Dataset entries
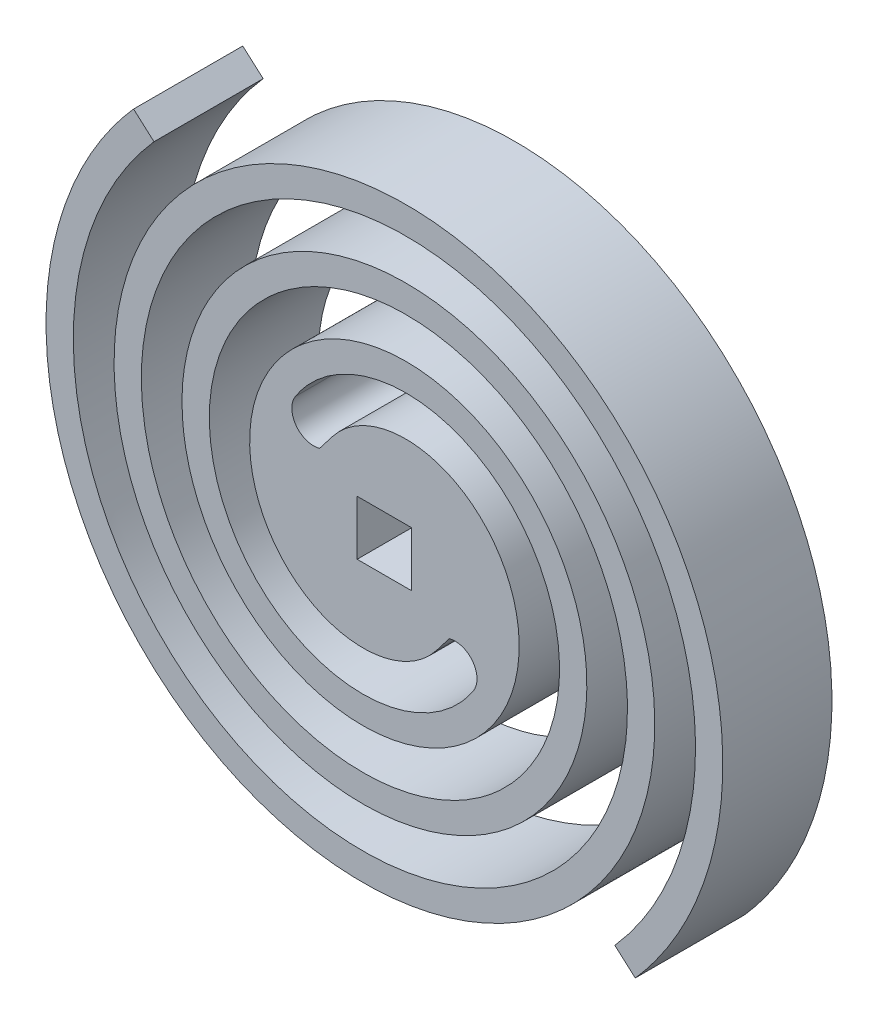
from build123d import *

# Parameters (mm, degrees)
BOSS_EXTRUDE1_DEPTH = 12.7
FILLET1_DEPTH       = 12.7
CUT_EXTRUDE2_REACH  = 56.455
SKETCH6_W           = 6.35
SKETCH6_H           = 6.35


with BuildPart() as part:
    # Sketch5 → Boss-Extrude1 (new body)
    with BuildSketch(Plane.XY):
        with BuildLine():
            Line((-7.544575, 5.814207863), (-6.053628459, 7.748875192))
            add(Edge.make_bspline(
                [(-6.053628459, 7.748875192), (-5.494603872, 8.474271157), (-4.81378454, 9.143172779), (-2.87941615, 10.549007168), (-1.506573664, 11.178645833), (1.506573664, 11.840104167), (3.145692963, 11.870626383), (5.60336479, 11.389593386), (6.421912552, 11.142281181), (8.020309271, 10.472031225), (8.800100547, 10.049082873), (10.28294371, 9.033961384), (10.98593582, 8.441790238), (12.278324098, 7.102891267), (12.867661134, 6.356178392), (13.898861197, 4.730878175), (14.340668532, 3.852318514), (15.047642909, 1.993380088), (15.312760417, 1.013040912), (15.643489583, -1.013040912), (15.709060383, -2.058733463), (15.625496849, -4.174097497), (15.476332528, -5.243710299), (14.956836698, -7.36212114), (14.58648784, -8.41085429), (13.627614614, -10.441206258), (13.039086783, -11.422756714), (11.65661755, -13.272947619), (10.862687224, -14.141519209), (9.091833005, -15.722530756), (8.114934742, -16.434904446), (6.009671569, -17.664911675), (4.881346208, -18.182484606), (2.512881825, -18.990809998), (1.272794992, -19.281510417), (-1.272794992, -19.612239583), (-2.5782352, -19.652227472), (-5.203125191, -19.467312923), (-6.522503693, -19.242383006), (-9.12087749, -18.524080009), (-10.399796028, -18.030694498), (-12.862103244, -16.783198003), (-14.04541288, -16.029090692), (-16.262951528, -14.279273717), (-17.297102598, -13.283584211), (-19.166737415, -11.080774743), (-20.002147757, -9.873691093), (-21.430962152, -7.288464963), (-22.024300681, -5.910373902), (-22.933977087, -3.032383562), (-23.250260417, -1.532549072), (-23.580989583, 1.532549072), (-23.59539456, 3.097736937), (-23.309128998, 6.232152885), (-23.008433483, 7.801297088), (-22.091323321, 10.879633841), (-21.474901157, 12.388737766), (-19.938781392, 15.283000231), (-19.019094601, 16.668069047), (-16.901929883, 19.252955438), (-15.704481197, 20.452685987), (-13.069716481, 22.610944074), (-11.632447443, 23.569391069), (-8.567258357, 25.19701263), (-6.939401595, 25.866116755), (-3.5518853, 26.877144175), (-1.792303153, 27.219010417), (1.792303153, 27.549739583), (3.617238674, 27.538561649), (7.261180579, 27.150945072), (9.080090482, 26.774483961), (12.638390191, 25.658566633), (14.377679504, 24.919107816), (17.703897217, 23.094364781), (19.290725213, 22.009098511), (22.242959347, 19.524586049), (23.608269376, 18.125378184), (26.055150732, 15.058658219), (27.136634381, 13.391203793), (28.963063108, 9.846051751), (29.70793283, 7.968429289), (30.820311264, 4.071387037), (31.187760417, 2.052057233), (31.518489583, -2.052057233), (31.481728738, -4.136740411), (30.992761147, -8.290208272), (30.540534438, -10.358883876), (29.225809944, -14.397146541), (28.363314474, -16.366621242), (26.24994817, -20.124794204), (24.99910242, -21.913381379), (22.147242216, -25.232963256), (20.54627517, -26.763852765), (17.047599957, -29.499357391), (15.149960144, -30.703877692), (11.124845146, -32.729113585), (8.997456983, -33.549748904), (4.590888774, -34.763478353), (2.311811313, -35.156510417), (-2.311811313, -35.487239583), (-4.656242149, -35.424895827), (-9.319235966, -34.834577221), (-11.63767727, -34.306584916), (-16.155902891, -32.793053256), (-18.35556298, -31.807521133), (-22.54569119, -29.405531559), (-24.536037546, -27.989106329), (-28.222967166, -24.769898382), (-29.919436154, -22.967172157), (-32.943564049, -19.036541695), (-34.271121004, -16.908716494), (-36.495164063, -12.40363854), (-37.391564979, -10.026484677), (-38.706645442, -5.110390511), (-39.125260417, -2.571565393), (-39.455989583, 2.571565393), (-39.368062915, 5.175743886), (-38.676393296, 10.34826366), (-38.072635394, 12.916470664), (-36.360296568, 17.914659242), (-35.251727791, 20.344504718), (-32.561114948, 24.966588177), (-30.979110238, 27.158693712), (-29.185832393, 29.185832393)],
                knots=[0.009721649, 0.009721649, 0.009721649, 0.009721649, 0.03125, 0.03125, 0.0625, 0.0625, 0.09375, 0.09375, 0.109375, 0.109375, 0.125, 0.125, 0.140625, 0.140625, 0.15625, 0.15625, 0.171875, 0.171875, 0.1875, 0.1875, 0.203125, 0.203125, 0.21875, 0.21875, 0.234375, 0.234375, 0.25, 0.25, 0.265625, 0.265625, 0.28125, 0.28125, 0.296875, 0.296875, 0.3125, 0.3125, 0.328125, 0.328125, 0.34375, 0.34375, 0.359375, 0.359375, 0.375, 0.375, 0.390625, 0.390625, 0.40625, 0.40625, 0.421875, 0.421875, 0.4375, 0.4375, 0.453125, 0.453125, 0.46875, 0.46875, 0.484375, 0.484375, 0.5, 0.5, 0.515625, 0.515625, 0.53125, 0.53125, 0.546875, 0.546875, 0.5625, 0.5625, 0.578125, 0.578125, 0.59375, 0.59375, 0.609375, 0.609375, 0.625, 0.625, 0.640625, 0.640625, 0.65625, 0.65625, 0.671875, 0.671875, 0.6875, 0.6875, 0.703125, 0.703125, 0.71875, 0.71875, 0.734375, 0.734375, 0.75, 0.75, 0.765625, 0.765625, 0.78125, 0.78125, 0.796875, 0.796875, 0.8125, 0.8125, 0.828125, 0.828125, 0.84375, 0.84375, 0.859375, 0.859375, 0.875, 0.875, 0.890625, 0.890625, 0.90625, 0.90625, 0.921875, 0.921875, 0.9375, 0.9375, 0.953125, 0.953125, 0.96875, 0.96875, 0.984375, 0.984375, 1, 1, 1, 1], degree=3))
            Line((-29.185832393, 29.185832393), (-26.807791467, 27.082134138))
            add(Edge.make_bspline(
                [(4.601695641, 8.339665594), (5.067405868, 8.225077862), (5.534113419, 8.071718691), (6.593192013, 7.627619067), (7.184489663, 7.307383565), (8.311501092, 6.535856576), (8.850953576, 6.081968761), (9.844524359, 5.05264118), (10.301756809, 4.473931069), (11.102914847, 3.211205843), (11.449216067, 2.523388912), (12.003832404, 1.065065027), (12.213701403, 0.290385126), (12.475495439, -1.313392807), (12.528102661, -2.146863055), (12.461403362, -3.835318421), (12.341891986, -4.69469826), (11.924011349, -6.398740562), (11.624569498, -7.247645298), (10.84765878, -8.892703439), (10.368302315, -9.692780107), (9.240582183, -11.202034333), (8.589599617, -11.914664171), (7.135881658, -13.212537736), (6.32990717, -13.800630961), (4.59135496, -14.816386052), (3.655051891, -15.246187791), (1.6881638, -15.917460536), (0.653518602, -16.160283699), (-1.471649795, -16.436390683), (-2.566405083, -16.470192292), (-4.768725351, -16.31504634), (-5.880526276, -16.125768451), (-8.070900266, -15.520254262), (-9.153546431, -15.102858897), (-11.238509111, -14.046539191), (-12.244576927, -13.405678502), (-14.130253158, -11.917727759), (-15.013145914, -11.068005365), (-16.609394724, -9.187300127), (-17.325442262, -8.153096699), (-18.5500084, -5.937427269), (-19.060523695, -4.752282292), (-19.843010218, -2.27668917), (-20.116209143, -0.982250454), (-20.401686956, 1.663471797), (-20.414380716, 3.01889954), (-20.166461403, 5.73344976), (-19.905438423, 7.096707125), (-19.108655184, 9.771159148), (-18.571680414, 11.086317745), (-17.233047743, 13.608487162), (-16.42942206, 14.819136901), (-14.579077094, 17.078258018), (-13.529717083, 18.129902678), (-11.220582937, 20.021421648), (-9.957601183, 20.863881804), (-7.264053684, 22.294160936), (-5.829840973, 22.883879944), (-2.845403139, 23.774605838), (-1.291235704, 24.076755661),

● **Activity**
Look through the entries above; copy each line where the string "with" appears.

● **Output below**
with BuildPart() as part:
    with BuildSketch(Plane.XY):
        with BuildLine():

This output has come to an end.